→ PROBLEM DETAILS
The material below contains a line with "#94=CIRCLE('',#93,1.6);" and a line with "#112=CARTESIAN_POINT('',(0.,0.,0.));". Copy exactly those two lines and all lines between them.

▬▬▬▬▬▬▬▬▬▬

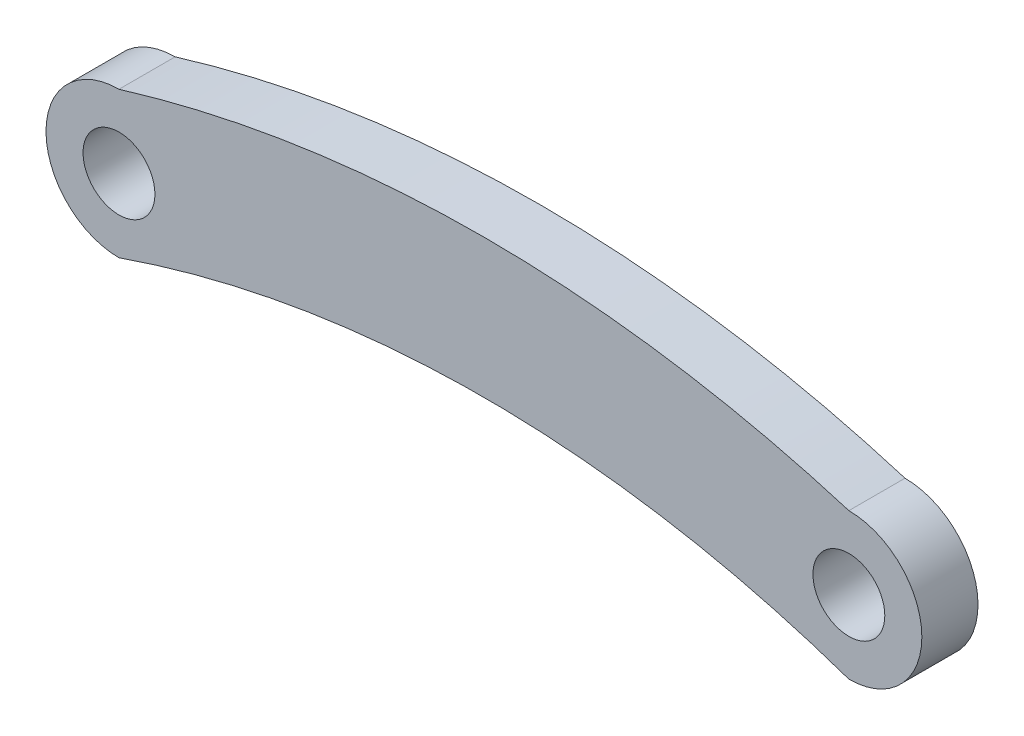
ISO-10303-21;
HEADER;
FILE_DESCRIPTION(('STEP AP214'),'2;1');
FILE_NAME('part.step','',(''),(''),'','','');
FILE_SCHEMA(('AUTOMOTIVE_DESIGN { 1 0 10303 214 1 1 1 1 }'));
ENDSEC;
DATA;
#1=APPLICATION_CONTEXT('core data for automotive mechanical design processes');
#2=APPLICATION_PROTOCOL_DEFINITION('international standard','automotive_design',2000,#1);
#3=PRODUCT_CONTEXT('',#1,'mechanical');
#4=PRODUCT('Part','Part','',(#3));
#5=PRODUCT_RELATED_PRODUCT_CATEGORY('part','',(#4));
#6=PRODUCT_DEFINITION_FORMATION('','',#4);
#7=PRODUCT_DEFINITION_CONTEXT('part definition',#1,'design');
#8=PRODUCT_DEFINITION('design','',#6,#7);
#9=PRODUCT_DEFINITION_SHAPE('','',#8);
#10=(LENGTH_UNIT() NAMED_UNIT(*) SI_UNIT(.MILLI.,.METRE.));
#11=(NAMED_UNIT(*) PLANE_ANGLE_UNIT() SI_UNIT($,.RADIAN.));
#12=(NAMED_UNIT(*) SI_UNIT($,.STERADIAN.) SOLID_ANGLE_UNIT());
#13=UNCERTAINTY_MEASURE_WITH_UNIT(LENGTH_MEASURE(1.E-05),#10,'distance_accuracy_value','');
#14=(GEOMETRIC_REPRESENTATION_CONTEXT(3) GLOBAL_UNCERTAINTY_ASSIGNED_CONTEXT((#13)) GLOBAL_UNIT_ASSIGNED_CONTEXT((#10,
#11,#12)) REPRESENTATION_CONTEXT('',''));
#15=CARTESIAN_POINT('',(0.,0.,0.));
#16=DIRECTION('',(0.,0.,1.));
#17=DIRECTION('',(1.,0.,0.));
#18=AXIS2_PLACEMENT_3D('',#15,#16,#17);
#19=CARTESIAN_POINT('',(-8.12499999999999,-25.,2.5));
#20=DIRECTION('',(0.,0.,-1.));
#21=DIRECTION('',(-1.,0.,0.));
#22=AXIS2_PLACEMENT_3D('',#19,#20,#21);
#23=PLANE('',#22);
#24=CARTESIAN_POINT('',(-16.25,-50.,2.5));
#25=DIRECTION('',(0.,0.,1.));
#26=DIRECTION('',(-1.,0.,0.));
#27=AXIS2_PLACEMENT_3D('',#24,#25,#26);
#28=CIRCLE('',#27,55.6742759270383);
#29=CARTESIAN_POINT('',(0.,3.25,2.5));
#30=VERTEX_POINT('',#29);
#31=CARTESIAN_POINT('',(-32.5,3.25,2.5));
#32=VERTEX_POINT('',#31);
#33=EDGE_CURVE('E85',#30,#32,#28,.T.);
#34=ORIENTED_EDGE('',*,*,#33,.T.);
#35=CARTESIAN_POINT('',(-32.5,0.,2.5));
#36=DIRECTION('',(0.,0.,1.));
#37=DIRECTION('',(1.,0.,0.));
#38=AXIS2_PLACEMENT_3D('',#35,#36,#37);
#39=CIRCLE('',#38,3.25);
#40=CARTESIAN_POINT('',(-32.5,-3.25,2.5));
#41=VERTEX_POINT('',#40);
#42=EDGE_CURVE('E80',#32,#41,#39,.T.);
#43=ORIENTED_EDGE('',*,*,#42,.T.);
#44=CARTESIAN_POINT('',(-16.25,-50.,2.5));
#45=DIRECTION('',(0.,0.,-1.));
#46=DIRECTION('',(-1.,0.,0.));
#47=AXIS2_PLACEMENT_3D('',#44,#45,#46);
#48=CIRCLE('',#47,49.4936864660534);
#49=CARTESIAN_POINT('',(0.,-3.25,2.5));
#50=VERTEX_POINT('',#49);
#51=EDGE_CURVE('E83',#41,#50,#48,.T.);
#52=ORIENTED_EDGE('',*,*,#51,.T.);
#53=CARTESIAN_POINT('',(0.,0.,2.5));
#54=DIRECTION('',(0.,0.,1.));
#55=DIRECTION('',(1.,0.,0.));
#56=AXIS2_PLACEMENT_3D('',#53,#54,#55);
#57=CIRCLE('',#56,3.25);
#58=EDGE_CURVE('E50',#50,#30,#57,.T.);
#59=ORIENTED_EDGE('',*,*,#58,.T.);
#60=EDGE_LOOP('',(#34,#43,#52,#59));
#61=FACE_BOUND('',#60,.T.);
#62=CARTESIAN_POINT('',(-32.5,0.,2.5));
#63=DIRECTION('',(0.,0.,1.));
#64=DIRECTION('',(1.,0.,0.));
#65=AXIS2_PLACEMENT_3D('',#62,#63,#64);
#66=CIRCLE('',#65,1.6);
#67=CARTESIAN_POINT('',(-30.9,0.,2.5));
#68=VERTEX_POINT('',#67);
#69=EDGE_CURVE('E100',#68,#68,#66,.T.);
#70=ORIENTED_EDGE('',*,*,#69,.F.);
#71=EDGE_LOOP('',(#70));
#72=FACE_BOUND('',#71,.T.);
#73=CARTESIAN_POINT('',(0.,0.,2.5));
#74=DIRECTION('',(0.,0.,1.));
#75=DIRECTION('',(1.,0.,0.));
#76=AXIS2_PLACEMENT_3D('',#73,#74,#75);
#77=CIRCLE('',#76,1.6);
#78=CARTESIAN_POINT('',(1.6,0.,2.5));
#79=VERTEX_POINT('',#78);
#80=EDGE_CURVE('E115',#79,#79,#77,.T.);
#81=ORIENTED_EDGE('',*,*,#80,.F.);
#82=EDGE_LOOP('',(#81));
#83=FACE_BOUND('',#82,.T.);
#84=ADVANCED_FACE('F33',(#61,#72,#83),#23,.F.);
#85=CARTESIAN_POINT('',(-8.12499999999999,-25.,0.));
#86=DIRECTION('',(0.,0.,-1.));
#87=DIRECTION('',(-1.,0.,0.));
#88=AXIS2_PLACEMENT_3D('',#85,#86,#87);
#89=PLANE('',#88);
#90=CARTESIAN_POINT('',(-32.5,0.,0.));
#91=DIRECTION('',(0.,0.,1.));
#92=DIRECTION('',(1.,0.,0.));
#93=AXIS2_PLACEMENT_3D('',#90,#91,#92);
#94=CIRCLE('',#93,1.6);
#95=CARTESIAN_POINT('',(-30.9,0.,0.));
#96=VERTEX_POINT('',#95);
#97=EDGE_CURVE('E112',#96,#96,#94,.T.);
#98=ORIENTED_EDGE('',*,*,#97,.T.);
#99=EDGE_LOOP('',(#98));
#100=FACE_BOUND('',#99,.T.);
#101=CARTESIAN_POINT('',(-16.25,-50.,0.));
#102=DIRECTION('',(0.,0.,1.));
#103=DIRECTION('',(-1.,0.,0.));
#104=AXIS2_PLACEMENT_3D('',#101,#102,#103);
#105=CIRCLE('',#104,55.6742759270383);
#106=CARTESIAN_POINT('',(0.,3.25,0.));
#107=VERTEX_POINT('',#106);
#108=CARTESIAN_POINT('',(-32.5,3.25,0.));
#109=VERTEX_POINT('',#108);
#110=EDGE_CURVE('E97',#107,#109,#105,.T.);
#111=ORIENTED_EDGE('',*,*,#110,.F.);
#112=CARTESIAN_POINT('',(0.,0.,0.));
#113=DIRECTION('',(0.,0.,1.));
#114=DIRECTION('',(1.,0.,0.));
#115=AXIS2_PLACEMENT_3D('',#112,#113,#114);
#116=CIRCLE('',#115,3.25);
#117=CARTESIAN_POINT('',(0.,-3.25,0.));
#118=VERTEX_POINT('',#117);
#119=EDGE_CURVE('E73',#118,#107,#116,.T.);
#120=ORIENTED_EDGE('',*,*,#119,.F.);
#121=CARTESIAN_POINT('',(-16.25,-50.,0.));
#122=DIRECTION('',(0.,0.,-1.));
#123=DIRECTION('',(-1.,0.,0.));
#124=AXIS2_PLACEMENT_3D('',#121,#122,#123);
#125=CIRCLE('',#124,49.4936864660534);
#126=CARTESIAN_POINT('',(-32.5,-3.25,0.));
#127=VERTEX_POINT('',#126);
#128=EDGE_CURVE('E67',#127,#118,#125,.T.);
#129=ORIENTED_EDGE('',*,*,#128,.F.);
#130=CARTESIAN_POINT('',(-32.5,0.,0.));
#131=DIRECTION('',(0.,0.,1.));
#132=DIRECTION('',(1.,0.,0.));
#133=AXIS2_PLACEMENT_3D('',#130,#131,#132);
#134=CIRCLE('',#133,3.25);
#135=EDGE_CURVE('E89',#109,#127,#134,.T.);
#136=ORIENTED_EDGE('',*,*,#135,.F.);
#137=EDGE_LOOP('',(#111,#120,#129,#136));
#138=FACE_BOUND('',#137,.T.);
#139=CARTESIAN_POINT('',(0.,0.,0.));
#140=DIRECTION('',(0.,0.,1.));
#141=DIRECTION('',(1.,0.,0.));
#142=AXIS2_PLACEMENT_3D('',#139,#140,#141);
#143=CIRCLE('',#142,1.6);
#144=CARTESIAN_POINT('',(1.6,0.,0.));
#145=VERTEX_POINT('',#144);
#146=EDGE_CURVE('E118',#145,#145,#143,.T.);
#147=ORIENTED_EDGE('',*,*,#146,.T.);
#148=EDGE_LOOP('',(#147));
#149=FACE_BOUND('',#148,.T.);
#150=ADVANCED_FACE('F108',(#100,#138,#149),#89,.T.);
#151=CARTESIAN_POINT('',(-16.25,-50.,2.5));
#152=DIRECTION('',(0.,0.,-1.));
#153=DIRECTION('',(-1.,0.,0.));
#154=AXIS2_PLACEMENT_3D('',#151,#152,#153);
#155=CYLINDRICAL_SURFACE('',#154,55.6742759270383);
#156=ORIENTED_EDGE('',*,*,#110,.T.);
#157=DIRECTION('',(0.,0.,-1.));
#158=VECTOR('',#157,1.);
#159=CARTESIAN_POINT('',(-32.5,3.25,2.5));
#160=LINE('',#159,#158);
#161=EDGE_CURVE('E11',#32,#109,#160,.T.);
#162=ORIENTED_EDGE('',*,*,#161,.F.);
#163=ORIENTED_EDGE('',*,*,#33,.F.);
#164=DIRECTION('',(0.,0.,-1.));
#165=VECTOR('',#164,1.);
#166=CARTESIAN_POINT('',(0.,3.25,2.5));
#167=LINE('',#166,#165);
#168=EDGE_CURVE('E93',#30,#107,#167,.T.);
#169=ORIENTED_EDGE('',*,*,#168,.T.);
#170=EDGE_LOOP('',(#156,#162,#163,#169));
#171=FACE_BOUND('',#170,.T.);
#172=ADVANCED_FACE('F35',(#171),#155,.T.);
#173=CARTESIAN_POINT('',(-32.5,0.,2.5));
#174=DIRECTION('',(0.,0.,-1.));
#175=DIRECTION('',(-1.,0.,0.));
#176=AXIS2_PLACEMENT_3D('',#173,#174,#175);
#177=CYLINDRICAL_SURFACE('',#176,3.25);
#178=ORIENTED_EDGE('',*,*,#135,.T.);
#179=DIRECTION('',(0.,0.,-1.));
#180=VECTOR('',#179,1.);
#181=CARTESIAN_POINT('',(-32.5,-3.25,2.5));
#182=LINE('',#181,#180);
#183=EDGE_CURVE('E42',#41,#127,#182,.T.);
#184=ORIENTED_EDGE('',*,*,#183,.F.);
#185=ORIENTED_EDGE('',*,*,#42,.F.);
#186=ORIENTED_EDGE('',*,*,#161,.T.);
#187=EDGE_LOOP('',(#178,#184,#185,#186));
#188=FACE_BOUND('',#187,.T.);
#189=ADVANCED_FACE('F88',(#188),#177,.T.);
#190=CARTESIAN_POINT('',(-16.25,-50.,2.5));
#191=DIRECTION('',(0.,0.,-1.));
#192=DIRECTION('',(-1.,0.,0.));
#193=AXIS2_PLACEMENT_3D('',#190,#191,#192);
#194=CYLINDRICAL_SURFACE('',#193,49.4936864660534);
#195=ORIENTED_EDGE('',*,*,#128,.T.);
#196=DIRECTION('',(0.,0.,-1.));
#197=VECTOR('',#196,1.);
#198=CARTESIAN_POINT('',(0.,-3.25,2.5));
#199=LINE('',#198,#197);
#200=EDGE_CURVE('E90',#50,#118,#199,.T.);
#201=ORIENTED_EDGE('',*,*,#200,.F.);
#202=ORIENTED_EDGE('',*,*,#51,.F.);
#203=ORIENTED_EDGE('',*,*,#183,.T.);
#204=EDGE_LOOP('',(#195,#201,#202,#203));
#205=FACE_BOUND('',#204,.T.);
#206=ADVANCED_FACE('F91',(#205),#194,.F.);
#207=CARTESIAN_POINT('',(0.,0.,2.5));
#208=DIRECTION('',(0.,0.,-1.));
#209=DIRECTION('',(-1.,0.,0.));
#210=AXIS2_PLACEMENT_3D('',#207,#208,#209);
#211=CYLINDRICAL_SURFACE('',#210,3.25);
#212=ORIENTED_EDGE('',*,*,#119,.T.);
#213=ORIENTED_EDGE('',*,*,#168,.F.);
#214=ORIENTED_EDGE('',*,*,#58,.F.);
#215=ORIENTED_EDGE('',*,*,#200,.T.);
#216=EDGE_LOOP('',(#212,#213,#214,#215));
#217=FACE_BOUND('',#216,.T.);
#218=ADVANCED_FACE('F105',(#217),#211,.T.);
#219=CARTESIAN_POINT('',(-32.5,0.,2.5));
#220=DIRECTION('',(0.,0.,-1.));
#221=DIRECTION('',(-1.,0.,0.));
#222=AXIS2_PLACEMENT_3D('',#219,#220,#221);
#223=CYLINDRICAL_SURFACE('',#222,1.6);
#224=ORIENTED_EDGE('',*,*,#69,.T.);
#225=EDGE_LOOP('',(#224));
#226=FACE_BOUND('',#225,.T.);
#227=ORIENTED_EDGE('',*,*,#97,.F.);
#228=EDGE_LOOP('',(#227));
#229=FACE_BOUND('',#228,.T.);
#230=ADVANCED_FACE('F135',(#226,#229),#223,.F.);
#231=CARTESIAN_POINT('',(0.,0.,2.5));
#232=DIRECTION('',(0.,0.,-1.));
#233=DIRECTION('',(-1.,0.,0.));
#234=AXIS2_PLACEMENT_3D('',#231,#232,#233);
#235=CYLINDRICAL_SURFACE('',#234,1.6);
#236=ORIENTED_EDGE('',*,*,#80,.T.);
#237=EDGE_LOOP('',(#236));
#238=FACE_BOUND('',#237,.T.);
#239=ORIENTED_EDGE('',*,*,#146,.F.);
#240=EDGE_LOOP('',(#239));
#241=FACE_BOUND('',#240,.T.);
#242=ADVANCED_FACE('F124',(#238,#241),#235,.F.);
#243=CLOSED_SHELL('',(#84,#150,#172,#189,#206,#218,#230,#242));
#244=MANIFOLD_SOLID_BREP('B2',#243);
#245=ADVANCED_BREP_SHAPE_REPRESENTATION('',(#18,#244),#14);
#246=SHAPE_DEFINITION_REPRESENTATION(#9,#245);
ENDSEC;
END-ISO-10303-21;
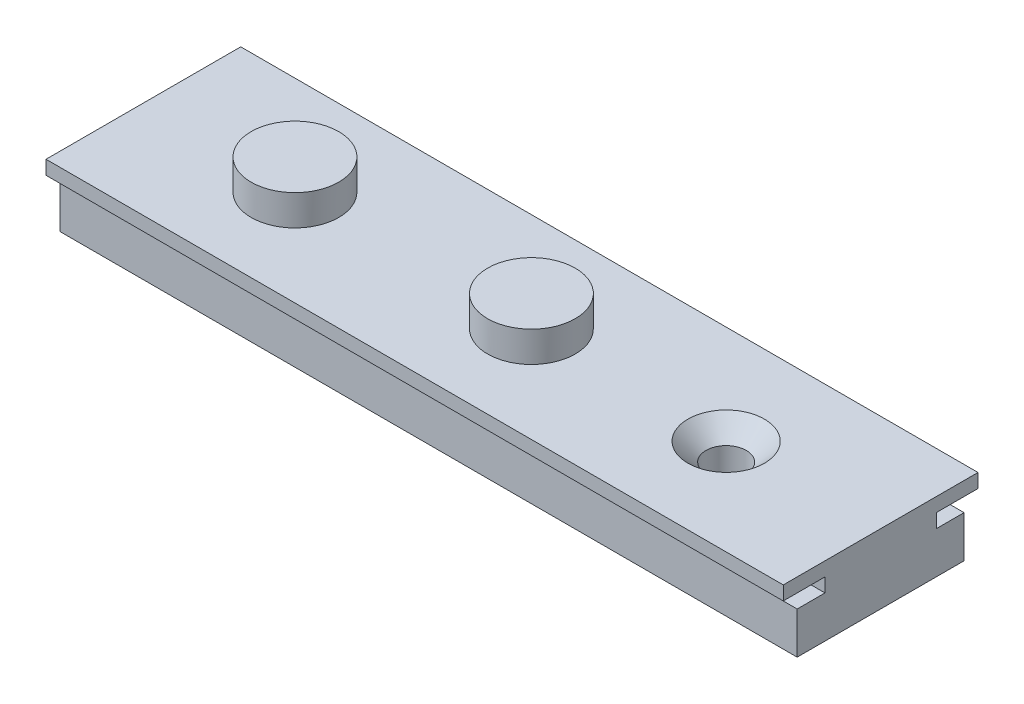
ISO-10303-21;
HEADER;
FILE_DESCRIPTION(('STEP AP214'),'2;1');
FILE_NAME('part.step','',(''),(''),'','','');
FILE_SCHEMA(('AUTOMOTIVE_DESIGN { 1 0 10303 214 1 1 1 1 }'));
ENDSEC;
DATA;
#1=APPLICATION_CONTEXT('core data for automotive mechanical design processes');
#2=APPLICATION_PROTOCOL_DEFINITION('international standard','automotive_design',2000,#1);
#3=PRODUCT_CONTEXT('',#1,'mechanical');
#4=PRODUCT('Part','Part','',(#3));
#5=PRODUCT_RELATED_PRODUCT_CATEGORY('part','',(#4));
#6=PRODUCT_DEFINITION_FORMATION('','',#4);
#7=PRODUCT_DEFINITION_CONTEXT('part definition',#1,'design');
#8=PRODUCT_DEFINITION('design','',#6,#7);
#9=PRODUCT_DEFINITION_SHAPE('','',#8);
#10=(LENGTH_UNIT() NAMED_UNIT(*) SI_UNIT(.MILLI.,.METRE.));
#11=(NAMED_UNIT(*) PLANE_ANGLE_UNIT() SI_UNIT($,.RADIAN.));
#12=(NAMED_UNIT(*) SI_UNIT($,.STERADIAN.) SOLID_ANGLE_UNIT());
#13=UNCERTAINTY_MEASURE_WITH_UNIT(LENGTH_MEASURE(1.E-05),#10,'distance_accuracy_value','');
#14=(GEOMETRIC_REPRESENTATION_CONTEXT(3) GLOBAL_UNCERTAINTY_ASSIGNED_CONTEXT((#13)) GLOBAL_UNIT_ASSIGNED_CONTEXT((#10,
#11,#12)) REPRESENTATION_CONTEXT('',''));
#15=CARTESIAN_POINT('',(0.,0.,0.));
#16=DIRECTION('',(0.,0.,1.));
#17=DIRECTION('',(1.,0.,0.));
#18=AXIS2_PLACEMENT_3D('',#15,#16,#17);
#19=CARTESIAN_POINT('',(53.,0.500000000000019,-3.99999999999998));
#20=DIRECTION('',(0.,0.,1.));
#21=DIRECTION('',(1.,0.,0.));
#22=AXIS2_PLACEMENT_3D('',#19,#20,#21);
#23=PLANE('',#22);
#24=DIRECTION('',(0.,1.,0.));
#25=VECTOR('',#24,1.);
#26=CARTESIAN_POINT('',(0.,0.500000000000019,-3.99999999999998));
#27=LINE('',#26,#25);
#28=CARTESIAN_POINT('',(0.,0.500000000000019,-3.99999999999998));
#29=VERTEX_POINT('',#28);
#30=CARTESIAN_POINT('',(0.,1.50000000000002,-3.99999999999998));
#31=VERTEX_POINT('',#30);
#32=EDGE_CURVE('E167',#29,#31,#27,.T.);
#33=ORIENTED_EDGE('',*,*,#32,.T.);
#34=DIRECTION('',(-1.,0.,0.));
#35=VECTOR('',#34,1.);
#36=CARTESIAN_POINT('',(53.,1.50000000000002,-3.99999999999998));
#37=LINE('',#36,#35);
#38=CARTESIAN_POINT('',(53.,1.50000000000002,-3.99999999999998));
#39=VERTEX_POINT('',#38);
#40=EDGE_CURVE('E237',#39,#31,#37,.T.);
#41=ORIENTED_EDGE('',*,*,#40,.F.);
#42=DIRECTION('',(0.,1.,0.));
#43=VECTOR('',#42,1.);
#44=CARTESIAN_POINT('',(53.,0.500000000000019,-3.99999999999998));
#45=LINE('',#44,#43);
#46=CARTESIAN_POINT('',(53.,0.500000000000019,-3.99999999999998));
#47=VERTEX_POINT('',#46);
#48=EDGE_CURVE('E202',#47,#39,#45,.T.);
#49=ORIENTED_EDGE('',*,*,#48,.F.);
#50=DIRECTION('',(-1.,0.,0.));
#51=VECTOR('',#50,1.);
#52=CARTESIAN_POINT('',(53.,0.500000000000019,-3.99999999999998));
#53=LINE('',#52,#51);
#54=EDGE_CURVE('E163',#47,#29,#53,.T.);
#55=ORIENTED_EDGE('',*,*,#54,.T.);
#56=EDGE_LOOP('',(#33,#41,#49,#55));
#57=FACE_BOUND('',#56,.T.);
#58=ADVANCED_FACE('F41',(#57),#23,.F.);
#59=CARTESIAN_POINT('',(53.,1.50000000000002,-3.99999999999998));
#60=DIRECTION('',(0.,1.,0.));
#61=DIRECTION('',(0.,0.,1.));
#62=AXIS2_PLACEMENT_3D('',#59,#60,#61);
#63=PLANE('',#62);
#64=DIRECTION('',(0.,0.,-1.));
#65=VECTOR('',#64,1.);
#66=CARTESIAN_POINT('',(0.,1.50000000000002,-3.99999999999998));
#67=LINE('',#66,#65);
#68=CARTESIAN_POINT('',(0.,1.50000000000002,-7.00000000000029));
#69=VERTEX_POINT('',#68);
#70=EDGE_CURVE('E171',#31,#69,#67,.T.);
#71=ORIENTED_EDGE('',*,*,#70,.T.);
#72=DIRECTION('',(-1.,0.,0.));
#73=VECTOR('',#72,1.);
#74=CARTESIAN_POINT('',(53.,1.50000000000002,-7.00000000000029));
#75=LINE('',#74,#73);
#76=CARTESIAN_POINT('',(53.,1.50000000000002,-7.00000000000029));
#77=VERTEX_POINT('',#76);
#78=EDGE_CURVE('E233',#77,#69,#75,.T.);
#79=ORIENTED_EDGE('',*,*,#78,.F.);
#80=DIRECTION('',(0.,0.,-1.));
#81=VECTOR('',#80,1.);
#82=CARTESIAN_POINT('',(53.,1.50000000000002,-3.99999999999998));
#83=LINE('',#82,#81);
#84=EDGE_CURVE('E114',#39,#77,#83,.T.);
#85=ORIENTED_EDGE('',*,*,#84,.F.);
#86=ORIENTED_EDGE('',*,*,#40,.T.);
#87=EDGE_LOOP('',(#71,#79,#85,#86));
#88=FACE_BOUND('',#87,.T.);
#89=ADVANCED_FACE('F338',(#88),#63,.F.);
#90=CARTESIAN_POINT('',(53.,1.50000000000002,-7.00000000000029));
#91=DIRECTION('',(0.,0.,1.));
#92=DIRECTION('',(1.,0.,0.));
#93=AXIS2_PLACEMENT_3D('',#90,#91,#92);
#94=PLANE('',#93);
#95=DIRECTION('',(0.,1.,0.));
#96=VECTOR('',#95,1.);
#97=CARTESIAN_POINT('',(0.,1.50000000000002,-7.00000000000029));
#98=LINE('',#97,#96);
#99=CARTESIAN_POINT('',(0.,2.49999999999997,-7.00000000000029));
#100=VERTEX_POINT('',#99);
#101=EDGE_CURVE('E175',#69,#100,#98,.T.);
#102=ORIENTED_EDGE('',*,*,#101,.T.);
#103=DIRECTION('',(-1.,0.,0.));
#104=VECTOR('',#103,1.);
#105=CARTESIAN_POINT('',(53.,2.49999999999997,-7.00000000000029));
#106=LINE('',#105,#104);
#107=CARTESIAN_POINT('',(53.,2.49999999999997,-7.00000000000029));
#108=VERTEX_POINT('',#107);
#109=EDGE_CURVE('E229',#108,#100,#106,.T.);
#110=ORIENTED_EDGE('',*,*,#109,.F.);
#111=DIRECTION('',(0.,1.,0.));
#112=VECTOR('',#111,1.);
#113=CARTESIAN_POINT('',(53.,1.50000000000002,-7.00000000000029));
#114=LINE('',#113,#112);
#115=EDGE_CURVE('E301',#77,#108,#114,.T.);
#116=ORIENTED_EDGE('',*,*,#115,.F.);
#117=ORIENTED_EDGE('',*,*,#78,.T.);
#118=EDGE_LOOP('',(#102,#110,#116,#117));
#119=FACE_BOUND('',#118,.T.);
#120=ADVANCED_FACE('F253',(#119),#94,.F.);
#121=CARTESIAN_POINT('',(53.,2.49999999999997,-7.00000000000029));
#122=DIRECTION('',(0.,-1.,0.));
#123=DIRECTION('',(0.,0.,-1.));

▬▬▬▬▬▬▬▬▬▬

→ RESPONSE
#94=CIRCLE('',#93,1.6);
#95=CARTESIAN_POINT('',(-30.9,0.,0.));
#96=VERTEX_POINT('',#95);
#97=EDGE_CURVE('E112',#96,#96,#94,.T.);
#98=ORIENTED_EDGE('',*,*,#97,.T.);
#99=EDGE_LOOP('',(#98));
#100=FACE_BOUND('',#99,.T.);
#101=CARTESIAN_POINT('',(-16.25,-50.,0.));
#102=DIRECTION('',(0.,0.,1.));
#103=DIRECTION('',(-1.,0.,0.));
#104=AXIS2_PLACEMENT_3D('',#101,#102,#103);
#105=CIRCLE('',#104,55.6742759270383);
#106=CARTESIAN_POINT('',(0.,3.25,0.));
#107=VERTEX_POINT('',#106);
#108=CARTESIAN_POINT('',(-32.5,3.25,0.));
#109=VERTEX_POINT('',#108);
#110=EDGE_CURVE('E97',#107,#109,#105,.T.);
#111=ORIENTED_EDGE('',*,*,#110,.F.);
#112=CARTESIAN_POINT('',(0.,0.,0.));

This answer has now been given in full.